SAN DIEGO (KGTV) — From in-person instruction to distance learning, and now hybrid classes in some cases, most school districts have been through a lot during this pandemic.
Many parents have decided to turn to charter schools, which have excelled in distance learning for years.
A spokesperson for the California Charter Schools Association said they’ve heard from non-classroom based charters in San Diego County that are seeing substantial enrollment requests this academic year.
Some of the charter schools have taken on many new students, while others had to stop enrollment due to the lack of state funding.

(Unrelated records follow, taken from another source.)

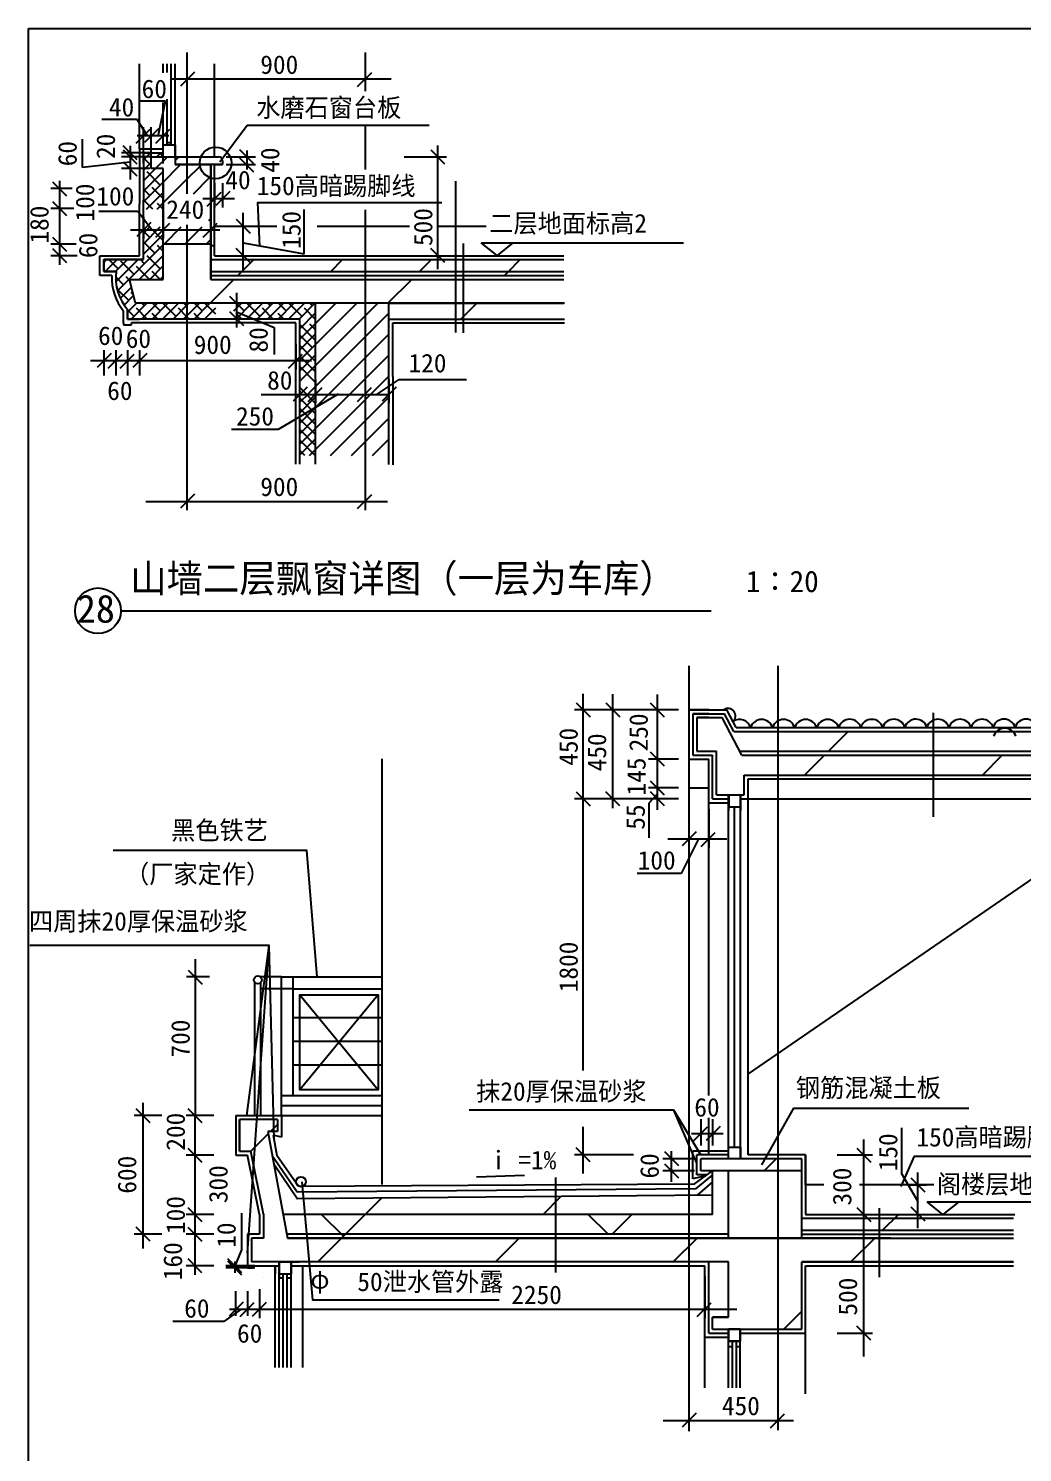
# Model space of a CAD drawing. Header units: metres. Extents: x 15828 to 26417, y -3696 to 9251.
# Drawn here: x 15828 to 21548, y 1057 to 9251 of the extents above; entities that cross this region are included whole.
import ezdxf

# ---------------------------------------------------------------- set-up
doc = ezdxf.new("R2010")
doc.units = ezdxf.units.M
for name, color, linetype in [('A-AXI', 3, 'Continuous'), ('BALCONY', 7, 'Continuous'), ('PUB_DIM', 3, 'Continuous'), ('PUB_TEXT', 7, 'Continuous'), ('Q', 4, 'Continuous'), ('S_DOTE', 7, 'Continuous'), ('WALL', 7, 'Continuous'), ('WQ', 7, 'Continuous')]:
    doc.layers.add(name, color=color, linetype=linetype)
pattern_1 = [(45, (0, 0), (-255.6454, 255.6454), [])]
pattern_2 = [(45, (0, 0), (-511.29, 511.29), [])]

# ---------------------------------------------------------------- blocks, each defined once
blk = doc.blocks.new('_DIMX')
blk.add_lwpolyline([(-213.13, -208.31), (190, 193.54)])

msp = doc.modelspace()

# ---------------------------------------------------------------- hatches: boundary and pattern name
h = msp.add_hatch()
h.set_pattern_fill('AN33C', scale=113.87)
h.set_pattern_definition(pattern_1)
h.paths.add_polyline_path([(16888.04, 8513.24), (16671.75, 8513.24), (16671.75, 8467.69), (16888.03, 8467.69)])
h.paths.add_polyline_path([(16962.39, 8500.78, -0.03), (16963.25, 8513.24), (16888.04, 8513.24), (16888.03, 8467.69), (16968.62, 8467.69, -0.09)])
h.paths.add_polyline_path([(17093.06, 8490.46, 0.2), (17086.39, 8506.57, 0.2), (17070.28, 8513.24), (17070.29, 8513.24), (16963.25, 8513.24, 0.03), (16962.39, 8500.78, 0.09), (16968.62, 8467.69), (17093.06, 8467.69)])
h = msp.add_hatch()
h.set_pattern_fill('AN33C', scale=227.74)
h.set_pattern_definition(pattern_2)
h.paths.add_polyline_path([(16876.71, 8012.21), (16740.07, 8012.21), (16740.07, 7807.25), (16876.71, 7807.25)])
h.paths.add_polyline_path([(16740.07, 8012.21), (16603.42, 8012.21), (16603.42, 7807.25), (16740.07, 7807.25)])
h = msp.add_hatch()
h.set_pattern_fill('AN33C', scale=113.87)
h.set_pattern_definition(pattern_1)
h.paths.add_polyline_path([(18889.17, 7921.12), (18167.24, 7921.12), (18167.24, 7852.8), (18889.17, 7852.8)])
h.paths.add_polyline_path([(18167.24, 7921.12), (18124.78, 7921.12), (18124.78, 7852.8), (18167.24, 7852.8)])
h.paths.add_polyline_path([(18124.78, 7921.12), (17502.99, 7921.12), (17502.99, 7852.8), (18124.78, 7852.8)])
h.paths.add_polyline_path([(17502.99, 7921.12), (16876.71, 7921.12), (16876.71, 7852.8), (17502.99, 7852.8)])
h = msp.add_hatch()
h.set_pattern_fill('ANSI31', scale=1138.7)
h.paths.add_polyline_path([(16740.07, 7807.25), (16603.42, 7807.25), (16410.1, 7807.25), (16444.26, 7670.61), (16740.07, 7670.61)])
h.paths.add_polyline_path([(17764.89, 7807.25), (16876.71, 7807.25), (16740.07, 7807.25), (16740.07, 7670.61), (17480.21, 7670.61), (17764.89, 7670.61)])
h.paths.add_polyline_path([(18329.73, 7807.25), (17764.89, 7807.25), (17764.89, 7670.61), (18329.73, 7670.61)])
h.paths.add_polyline_path([(18883.6, 7807.25), (18372.19, 7807.25), (18372.19, 7670.61), (18883.6, 7670.61)])
h = msp.add_hatch()
h.set_pattern_fill('AN33C', scale=227.74)
h.set_pattern_definition(pattern_2)
h.paths.add_polyline_path([(16740.07, 7807.25), (16603.42, 7807.25), (16410.1, 7807.25), (16444.26, 7670.61), (16740.07, 7670.61)])
h.paths.add_polyline_path([(17764.89, 7807.25), (16876.71, 7807.25), (16740.07, 7807.25), (16740.07, 7670.61), (17480.21, 7670.61), (17764.89, 7670.61)])
h.paths.add_polyline_path([(18329.73, 7807.25), (17764.89, 7807.25), (17764.89, 7670.61), (18329.73, 7670.61)])
h.paths.add_polyline_path([(18883.6, 7807.25), (18372.19, 7807.25), (18372.19, 7670.61), (18883.6, 7670.61)])
h.paths.add_polyline_path([(18372.19, 7807.25), (18329.73, 7807.25), (18329.73, 7670.61), (18372.19, 7670.61)])
h = msp.add_hatch()
h.set_pattern_fill('ANSI38', scale=341.61)
h.paths.add_polyline_path([(18889.17, 7852.8), (18167.24, 7852.8), (18167.24, 7830.02), (18889.17, 7830.02)])
h.paths.add_polyline_path([(18167.24, 7852.8), (18124.78, 7852.8), (18124.78, 7830.02), (18167.24, 7830.02)])
h.paths.add_polyline_path([(18124.78, 7852.8), (17502.99, 7852.8), (17502.99, 7830.02), (18124.78, 7830.02)])
h.paths.add_polyline_path([(17502.99, 7852.8), (16876.71, 7852.8), (16876.71, 7830.02), (17502.99, 7830.02)])
h = msp.add_hatch()
h.set_pattern_fill('ANSI38', scale=341.61)
h.paths.add_polyline_path([(17901.53, 7670.61), (17901.53, 7579.51), (18890.94, 7579.51), (18890.94, 7670.61)])
h = msp.add_hatch()
h.set_pattern_fill('ANSI38', scale=341.61)
h.paths.add_polyline_path([(22181.44, 5206.04), (21073.64, 5206.04), (21073.64, 5092.17), (22181.44, 5092.17)])
h.paths.add_polyline_path([(21036.41, 5206.04), (20140.52, 5206.04), (20140.52, 5092.17), (21036.41, 5092.17)])
h.paths.add_polyline_path([(21073.64, 5206.04), (21036.41, 5206.04), (21036.41, 5092.17), (21073.64, 5092.17)])
h.paths.add_polyline_path([(20140.52, 5206.04), (19887.08, 5206.04), (19833.14, 5308.52), (19650.95, 5308.52), (19650.95, 5069.39), (19707.89, 5069.39), (19764.82, 5069.39), (19764.82, 4818.88), (19855.92, 4818.88), (19855.92, 4841.66), (19787.59, 4841.66), (19787.59, 5092.17), (19707.89, 5092.17), (19673.73, 5092.17), (19673.73, 5285.74), (19819.39, 5285.74), (19921.27, 5092.17), (20140.52, 5092.17)])
h = msp.add_hatch()
h.set_pattern_fill('AN33C', scale=227.74)
h.set_pattern_definition(pattern_2)
h.paths.add_polyline_path([(20140.52, 5069.39), (19933.26, 5069.39), (19819.39, 5285.74), (19673.73, 5285.74), (19673.73, 5092.17), (19707.89, 5092.17), (19787.59, 5092.17), (19787.59, 4841.66), (19947.01, 4841.66), (19947.01, 4955.52), (20140.52, 4955.52)])
h.paths.add_polyline_path([(21036.41, 5069.39), (20140.52, 5069.39), (20140.52, 4955.52), (21036.41, 4955.52)])
h.paths.add_polyline_path([(22181.44, 5069.39), (21073.64, 5069.39), (21073.64, 4955.52), (22181.44, 4955.52)])
h.paths.add_polyline_path([(21073.64, 5069.39), (21036.41, 5069.39), (21036.41, 4955.52), (21073.64, 4955.52)])
h = msp.add_hatch()
h.set_pattern_fill('ANSI31', scale=1138.7)
h.paths.add_polyline_path([(20140.52, 5069.39), (19933.26, 5069.39), (19819.39, 5285.74), (19673.73, 5285.74), (19673.73, 5092.17), (19707.89, 5092.17), (19787.59, 5092.17), (19787.59, 4841.66), (19947.01, 4841.66), (19947.01, 4955.52), (20140.52, 4955.52)])
h.paths.add_polyline_path([(21036.41, 5069.39), (20140.52, 5069.39), (20140.52, 4955.52), (21036.41, 4955.52)])
h.paths.add_polyline_path([(22181.44, 5069.39), (21073.64, 5069.39), (21073.64, 4955.52), (22181.44, 4955.52)])
h.paths.add_polyline_path([(21073.64, 5069.39), (21036.41, 5069.39), (21036.41, 4955.52), (21073.64, 4955.52)])
h = msp.add_hatch()
h.set_pattern_fill('ANSI31', scale=1138.7)
h.paths.add_polyline_path([(21498.6, 2290.99), (20750.79, 2290.99), (20750.79, 2154.35), (20789.58, 2154.35), (21498.6, 2154.35)])
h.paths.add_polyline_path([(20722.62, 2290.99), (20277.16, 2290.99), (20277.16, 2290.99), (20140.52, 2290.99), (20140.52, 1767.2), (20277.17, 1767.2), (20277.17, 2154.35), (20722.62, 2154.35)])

“In the beginning, a lot of big districts were not providing any resources, the kids were just off,” said Kathleen Hermsmeyer, the superintended of Springs Charter Schools.
Springs Charter Schools has locations across Southern California, including in Vista and Chula Vista in San Diego County.
“We’ve been in business doing this type of distance learning education for 20 years, so for us, this was not a big transition,” she said in regards to education during the pandemic.
“We already had all of our technology, our learning management system, our systems down for distance learning, so it wasn’t a big transition.”
Hermsmeyer said the students new missed a day of class during the pandemic, and early on, Springs Charter Schools enrolled an additional 130 students in San Diego before they knew they wouldn’t be receiving extra state funding.
“The school year starts for us July 1, we didn’t find out until June 28 that we were not going to get funded for those students,” she explained. “They did say we can disenroll the kids, but we’re not going to do that, that’s not kind, that’s not a service to the community.”
Right now, she said about 7,000 students remain on the Springs Charter Schools waitlist across California, with nearly 1,000 in San Diego County. Hermsmeyer said that’s about four times more than last school year.
“We can’t accept the students because there has been a cap on growth for non-classroom based charters like ours,” she said.
“Parents were clamoring to get into our schools, and we couldn’t enroll them, so we wanted to provide something because parents were crying on the phone, it was a really hard crazy time, and parents wanted to keep their children moving academically.”
Springs Valley Schools then launched “Open Classroom,” an online website providing free lessons for students K through 12 at home.
“We had thousands of people all across the whole world using our free classroom,” she said.
Springs Charter Schools received an award from the National Alliance of Public Charter Schools for going above and beyond during the pandemic.
Hermsmeyer said Springs Charter Schools, along with a few other charters, are in a legal battle with the state over the lack of funding to enroll new students.
Springs Charter Schools expects to start bringing back some students for in-person learning by the end of the month, with a full distance learning option still available.
The California Department of Education is tracking statewide enrollment numbers for charter schools and traditional schools and will release the numbers for the 2020-21 academic year in March.